Talk is cheap. The honorable and patriotic pledge would have reverberated beyond the ancient hall of the once legislative institution his late father abolished to become a dictator, if he declared he would pay the long-over due P203 billion estate tax his family supposedly owes the government.

Or for dramatic effect, he could have ordered his new tax woman, who overtured him of his modelling role, right there and then, to send him the demand letter without delay and he will settle the obligation ASAP which has been apparently ignored since the Supreme Court ruled they owe the government P23 billion in 1999.

Alas, the promise had the ring of a pastor leading a congregation in singing “Rescue the
Perishing” hymn with such sense of urgency and conviction a young boy came up to the pulpit and begged him “ let’s do it”. To which the pastor replied” it’s only a song, boy.

The message has also a Kennedysque touch “ ask not what the country can do for you but what you can do for the country”, although it’s muddled with ambiguity. He appealed for the legendary Bayanihan way of the Filipinos but said it will not require much from them “ to build a divided house” as it were.

 

Is BBM setting himself for a comeuppance? “O what a tangled we weave”, warned the poet Walter Scott, “ when first we practice to deceive”.

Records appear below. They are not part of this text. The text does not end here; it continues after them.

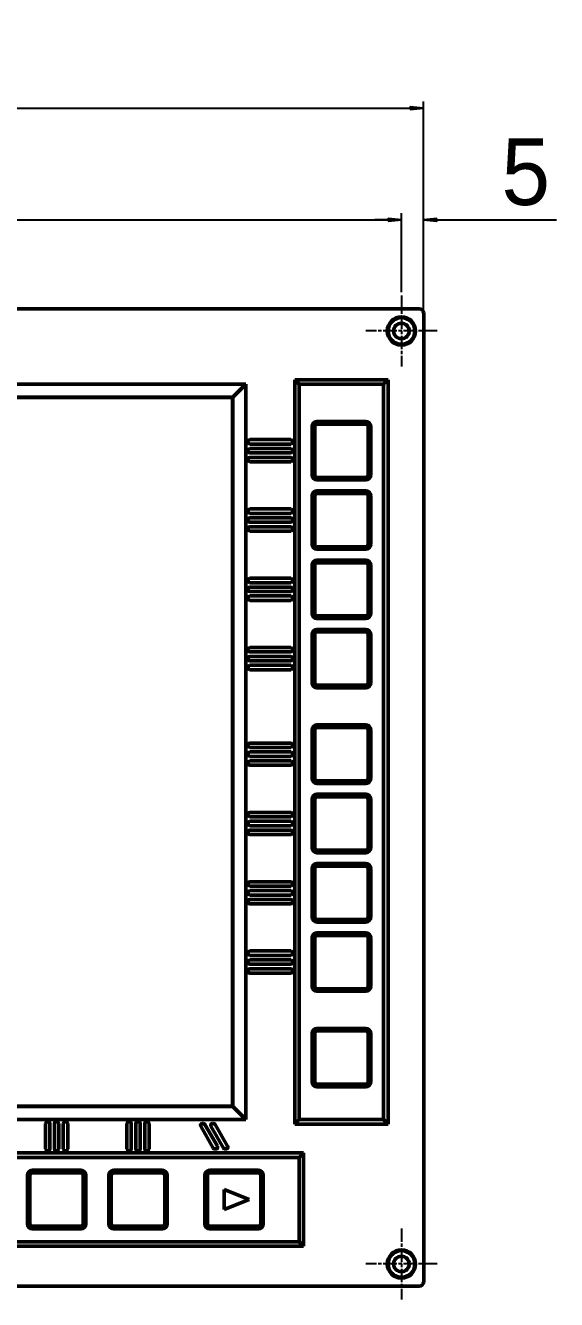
# Model space of a CAD drawing. Header units: millimetres. Extents: x 3233 to 5433, y 589 to 1940.
# Drawn here: x 3611.8 to 3731.2, y 1205.2 to 1491.9 of the extents above; entities that cross this region are included whole.
import ezdxf

# ---------------------------------------------------------------- set-up
doc = ezdxf.new("R2010")
doc.units = ezdxf.units.MM
doc.header["$LTSCALE"] = 1.8
doc.linetypes.add('CHAIN', pattern=[0.3543, 0.2362, -0.0295, 0.0591, -0.0295])
for name, color, linetype, lineweight in [('외형선(ISO)', 7, 'Continuous', 50), ('중심 표식(ISO)', 7, 'Continuous', 25), ('치수(ISO)', 7, 'Continuous', 25)]:
    doc.layers.add(name, color=color, linetype=linetype, lineweight=lineweight)
doc.styles.add('레이블 문자 (JIS)', font='')
doc.styles.get('레이블 문자 (JIS)').set_extended_font_data('Gulim')
doc.dimstyles.new('복사 대상기본값 (JIS)', dxfattribs={"dimscale": 1.5, "dimtxt": 3, "dimasz": 2, "dimexe": 1, "dimexo": 0.5, "dimgap": 0.8, "dimtad": 1, "dimdsep": 46, "dimtxsty": '레이블 문자 (JIS)', "dimblk": 'Filled-1', "dimcen": 0.09, "dimdle": 10, "dimclrd": 256, "dimclre": 256, "dimclrt": 256, "dimazin": 2, "dimtfac": 0.666667, "dimtmove": 0, "dimatfit": 3, "dimldrblk": 'OPEN', "dimfxl": 1, "dimtolj": 1, "dimtzin": 0, "dimlwd": -1, "dimlwe": -1, "dimarcsym": 0})

# ---------------------------------------------------------------- blocks, each defined once
blk = doc.blocks.new('Filled-1')
at = {"color": 0}
for p, q in [((0, 0), (-1, 0.1)), ((-1, 0.1), (-1, -0.1)), ((-1, 0), (0, 0)), ((-1, -0.1), (0, 0))]:
    blk.add_line(p, q, dxfattribs=at)
at = {"color": 0, "flags": 128}
blk.add_lwpolyline([(-1, -0.1), (0, 0), (-1, 0.1), (-1, -0.1)], dxfattribs=at)
at = {"color": 0}
blk.add_solid([(-1, -0.1), (0, 0), (-1, 0.1), (-1, -0.1)], dxfattribs=at)
blk = doc.blocks.new('*D366')
at = {"layer": 'Defpoints', "color": 0}
for p in [(3696.35, 1448.17), (3416.35, 1431.17), (3696.35, 1431.17)]:
    blk.add_point(p, dxfattribs=at)
at = {"layer": '치수(ISO)'}
for p, q in [((3416.35, 1431.92), (3416.35, 1449.67)), ((3419.35, 1448.17), (3693.35, 1448.17)), ((3696.35, 1431.92), (3696.35, 1449.67))]:
    blk.add_line(p, q, dxfattribs=at)
at = {"layer": '치수(ISO)', "linetype": 'ByBlock', "xscale": 3, "yscale": 3, "zscale": 3, "rotation": 180}
blk.add_blockref('Filled-1', (3416.35, 1448.17), dxfattribs=at)
at = {"layer": '치수(ISO)', "linetype": 'ByBlock', "xscale": 3, "yscale": 3, "zscale": 3}
blk.add_blockref('Filled-1', (3696.35, 1448.17), dxfattribs=at)
at = {"layer": '치수(ISO)', "insert": (3539.98, 1466.54), "char_height": 15, "attachment_point": 1, "style": '레이블 문자 (JIS)'}
blk.add_mtext('\\A1;280', dxfattribs=at)
blk = doc.blocks.new('_Open')
at = {"color": 0, "linetype": 'ByBlock', "lineweight": -2}
for p, q in [((-1, 0.167), (0, 0)), ((-1, -0.167), (0, 0)), ((0, 0), (-1, 0))]:
    blk.add_line(p, q, dxfattribs=at)
blk = doc.blocks.new('*D367')
at = {"layer": 'Defpoints', "color": 0}
for p in [(3701.35, 1473.33), (3411.35, 1427.17), (3701.35, 1427.17)]:
    blk.add_point(p, dxfattribs=at)
at = {"layer": '치수(ISO)'}
for p, q in [((3411.35, 1427.92), (3411.35, 1474.83)), ((3701.35, 1427.92), (3701.35, 1474.83)), ((3414.35, 1473.33), (3698.35, 1473.33))]:
    blk.add_line(p, q, dxfattribs=at)
at = {"layer": '치수(ISO)', "linetype": 'ByBlock', "xscale": 3, "yscale": 3, "zscale": 3, "rotation": 180}
blk.add_blockref('Filled-1', (3411.35, 1473.33), dxfattribs=at)
at = {"layer": '치수(ISO)', "linetype": 'ByBlock', "xscale": 3, "yscale": 3, "zscale": 3}
blk.add_blockref('Filled-1', (3701.35, 1473.33), dxfattribs=at)
at = {"layer": '치수(ISO)', "insert": (3539.98, 1491.71), "char_height": 15, "attachment_point": 1, "style": '레이블 문자 (JIS)'}
blk.add_mtext('\\A1;\\A1;290', dxfattribs=at)
blk = doc.blocks.new('*D370')
at = {"layer": 'Defpoints', "color": 0}
for p in [(3701.35, 1448.17), (3696.35, 1431.17), (3701.35, 1427.17)]:
    blk.add_point(p, dxfattribs=at)
at = {"layer": '치수(ISO)'}
for p, q in [((3693.35, 1448.17), (3690.35, 1448.17)), ((3696.35, 1431.92), (3696.35, 1449.67)), ((3701.35, 1427.92), (3701.35, 1449.67)), ((3704.35, 1448.17), (3731.23, 1448.17))]:
    blk.add_line(p, q, dxfattribs=at)
at = {"layer": '치수(ISO)', "linetype": 'ByBlock', "xscale": 3, "yscale": 3, "zscale": 3}
blk.add_blockref('Filled-1', (3696.35, 1448.17), dxfattribs=at)
at = {"layer": '치수(ISO)', "linetype": 'ByBlock', "xscale": 3, "yscale": 3, "zscale": 3, "rotation": 180}
blk.add_blockref('Filled-1', (3701.35, 1448.17), dxfattribs=at)
at = {"layer": '치수(ISO)', "insert": (3718.86, 1466.52), "char_height": 15, "attachment_point": 1, "style": '레이블 문자 (JIS)'}
blk.add_mtext('\\A1;5', dxfattribs=at)

msp = doc.modelspace()

# ---------------------------------------------------------------- linework, layer by layer
at = {"layer": '외형선(ISO)'}
for p, q in [((3700.355, 1428.165), (3412.354, 1428.165)), ((3701.354, 1209.165), (3701.354, 1427.165)), ((3661.354, 1411.165), (3443.354, 1411.165)), ((3661.354, 1411.165), (3658.442, 1408.253)), ((3661.354, 1245.665), (3661.354, 1411.165)), ((3673.354, 1411.165), (3672.354, 1412.165)), ((3672.354, 1244.665), (3672.354, 1412.165)), ((3672.354, 1412.165), (3693.354, 1412.165)), ((3673.354, 1245.665), (3673.354, 1411.165)), ((3673.354, 1411.165), (3692.354, 1411.165)), ((3692.354, 1411.165), (3693.354, 1412.165)), ((3692.354, 1411.165), (3692.354, 1245.665)), ((3693.354, 1244.665), (3693.354, 1412.165)), ((3446.267, 1408.253), (3658.442, 1408.253)), ((3446.354, 1408.165), (3658.354, 1408.165)), ((3658.442, 1408.253), (3658.354, 1408.165)), ((3658.354, 1408.165), (3658.354, 1248.665)), ((3658.442, 1408.253), (3658.442, 1248.577)), ((3688.354, 1402.794), (3677.354, 1402.794)), ((3688.354, 1402.715), (3677.354, 1402.715)), ((3676.276, 1401.715), (3676.276, 1390.715)), ((3676.354, 1401.715), (3676.354, 1390.715)), ((3676.854, 1401.715), (3676.854, 1390.715)), ((3688.354, 1402.215), (3677.354, 1402.215)), ((3688.854, 1390.715), (3688.854, 1401.715)), ((3689.354, 1390.715), (3689.354, 1401.715)), ((3689.433, 1390.715), (3689.433, 1401.715)), ((3661.854, 1398.115), (3661.854, 1398.315)), ((3662.254, 1398.715), (3671.454, 1398.715)), ((3671.454, 1397.715), (3662.254, 1397.715)), ((3662.254, 1396.715), (3671.454, 1396.715)), ((3671.854, 1398.315), (3671.854, 1398.115)), ((3661.854, 1396.115), (3661.854, 1396.315)), ((3661.854, 1394.115), (3661.854, 1394.315)), ((3671.454, 1395.715), (3662.254, 1395.715)), ((3662.254, 1394.715), (3671.454, 1394.715)), ((3671.454, 1393.715), (3662.254, 1393.715)), ((3671.854, 1396.315), (3671.854, 1396.115)), ((3671.854, 1394.315), (3671.854, 1394.115)), ((3677.354, 1390.215), (3688.354, 1390.215)), ((3677.354, 1389.715), (3688.354, 1389.715)), ((3677.354, 1389.636), (3688.354, 1389.636)), ((3676.276, 1386.115), (3676.276, 1375.115)), ((3676.354, 1386.115), (3676.354, 1375.115)), ((3676.854, 1386.115), (3676.854, 1375.115)), ((3688.354, 1387.194), (3677.354, 1387.194)), ((3688.354, 1387.115), (3677.354, 1387.115)), ((3688.354, 1386.615), (3677.354, 1386.615)), ((3688.854, 1375.115), (3688.854, 1386.115)), ((3689.354, 1375.115), (3689.354, 1386.115)), ((3689.433, 1375.115), (3689.433, 1386.115)), ((3661.854, 1382.515), (3661.854, 1382.715)), ((3662.254, 1383.115), (3671.454, 1383.115)), ((3671.854, 1382.715), (3671.854, 1382.515)), ((3661.854, 1380.515), (3661.854, 1380.715)), ((3671.454, 1382.115), (3662.254, 1382.115)), ((3662.254, 1381.115), (3671.454, 1381.115)), ((3671.454, 1380.115), (3662.254, 1380.115)), ((3671.854, 1380.715), (3671.854, 1380.515)), ((3661.854, 1378.515), (3661.854, 1378.715)), ((3662.254, 1379.115), (3671.454, 1379.115)), ((3671.454, 1378.115), (3662.254, 1378.115)), ((3671.854, 1378.715), (3671.854, 1378.515)), ((3677.354, 1374.615), (3688.354, 1374.615)), ((3677.354, 1374.115), (3688.354, 1374.115)), ((3677.354, 1374.036), (3688.354, 1374.036)), ((3688.354, 1371.594), (3677.354, 1371.594)), ((3688.354, 1371.515), (3677.354, 1371.515)), ((3688.354, 1371.015), (3677.354, 1371.015)), ((3676.276, 1370.515), (3676.276, 1359.515)), ((3676.354, 1370.515), (3676.354, 1359.515)), ((3676.854, 1370.515), (3676.854, 1359.515)), ((3688.854, 1359.515), (3688.854, 1370.515)), ((3689.354, 1359.515), (3689.354, 1370.515)), ((3689.433, 1359.515), (3689.433, 1370.515)), ((3661.854, 1366.915), (3661.854, 1367.115)), ((3661.854, 1364.915), (3661.854, 1365.115)), ((3662.254, 1367.515), (3671.454, 1367.515)), ((3671.454, 1366.515), (3662.254, 1366.515)), ((3662.254, 1365.515), (3671.454, 1365.515)), ((3671.854, 1367.115), (3671.854, 1366.915)), ((3671.854, 1365.115), (3671.854, 1364.915)), ((3661.854, 1362.915), (3661.854, 1363.115)), ((3671.454, 1364.515), (3662.254, 1364.515)), ((3662.254, 1363.515), (3671.454, 1363.515)), ((3671.454, 1362.515), (3662.254, 1362.515)), ((3671.854, 1363.115), (3671.854, 1362.915)), ((3677.354, 1359.015), (3688.354, 1359.015)), ((3677.354, 1358.515), (3688.354, 1358.515)), ((3677.354, 1358.436), (3688.354, 1358.436)), ((3676.276, 1354.915), (3676.276, 1343.915)), ((3676.354, 1354.915), (3676.354, 1343.915)), ((3676.854, 1354.915), (3676.854, 1343.915)), ((3688.354, 1355.994), (3677.354, 1355.994)), ((3688.354, 1355.915), (3677.354, 1355.915)), ((3688.354, 1355.415), (3677.354, 1355.415)), ((3688.854, 1343.915), (3688.854, 1354.915)), ((3689.354, 1343.915), (3689.354, 1354.915)), ((3689.433, 1343.915), (3689.433, 1354.915)), ((3661.854, 1351.315), (3661.854, 1351.515)), ((3662.254, 1351.915), (3671.454, 1351.915)), ((3671.454, 1350.915), (3662.254, 1350.915)), ((3671.854, 1351.515), (3671.854, 1351.315)), ((3661.854, 1349.315), (3661.854, 1349.515)), ((3662.254, 1349.915), (3671.454, 1349.915)), ((3671.454, 1348.915), (3662.254, 1348.915)), ((3662.254, 1347.915), (3671.454, 1347.915)), ((3671.854, 1349.515), (3671.854, 1349.315)), ((3661.854, 1347.315), (3661.854, 1347.515)), ((3671.454, 1346.915), (3662.254, 1346.915)), ((3671.854, 1347.515), (3671.854, 1347.315)), ((3677.354, 1343.415), (3688.354, 1343.415)), ((3677.354, 1342.915), (3688.354, 1342.915)), ((3677.354, 1342.836), (3688.354, 1342.836)), ((3688.354, 1334.494), (3677.354, 1334.494)), ((3688.354, 1334.415), (3677.354, 1334.415)), ((3688.354, 1333.915), (3677.354, 1333.915)), ((3676.276, 1333.415), (3676.276, 1322.415)), ((3676.354, 1333.415), (3676.354, 1322.415)), ((3676.854, 1333.415), (3676.854, 1322.415)), ((3688.854, 1322.415), (3688.854, 1333.415)), ((3689.354, 1322.415), (3689.354, 1333.415)), ((3689.433, 1322.415), (3689.433, 1333.415)), ((3661.854, 1329.815), (3661.854, 1330.015)), ((3661.854, 1327.815), (3661.854, 1328.015)), ((3662.254, 1330.415), (3671.454, 1330.415)), ((3671.454, 1329.415), (3662.254, 1329.415)), ((3662.254, 1328.415), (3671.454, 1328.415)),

“I am not here to talk about the past. I am here to talk about the future”, he said. The past, or what passes for a “golden age”, in his mind is simply too good to forget. A son that also rises, as Hemingway put it, deserves some concession.

“ I once knew a man who saw what little had been achieved since independence, in a land of people with greatest potential of achievement, and yet they were poor, but he had done it. So will it be with his son.”

Of course, everyone knew who the unidentified man was, who is now buried in a sacred
ground for heroes because, ultimately what he did was allegedly heroic. So the son is set to accomplish what is also an equal task. That man, of course, was thrown out of power and out of “ the land of the poor” in a peaceful democratic revolution that history shows as clear and vivid manifestation of their greatest potential.

The most credible part of his speech was when he said the Philippines had nothing to do
with the Ukraine war but, nevertheless, bear the consequences of it. It has the risible effect of a comedic scene in a movie where the comedian Rene Requiestas denied he had something to do with the death of Lapulapu. Life imitating art.

Justice was never part of his speech. This was, to say the least, a big disappointment after the National Bureau of Investigation found that 22 policemen that are supposed to be members of the country’s finest can be held accountable for the mysterious death of 8 prisoners in a Muntinglupa jail, one or some of whom had accused former Sen. Leila de Lima of involvement in drug-related crimes. Other prisoners who had the same claim, and are still alive and kicking, had recanted their claims which they said they were coerced or threatened into doing.

This one case, let alone the other humans rights abuses during his predecessor’s ‘ war on
drugs’, is a huge challenge to his Constitutional duty to give justice to everyone, regardless of political color. And then there is the resumption of an international court probe into his predecessor’s human rights violations.

But then, his father’s regime had been riddled with human rights issues, among others.

So, which past should the Filipino remember and which one they should forget?

Take your pick, the answers are in the president’s speech.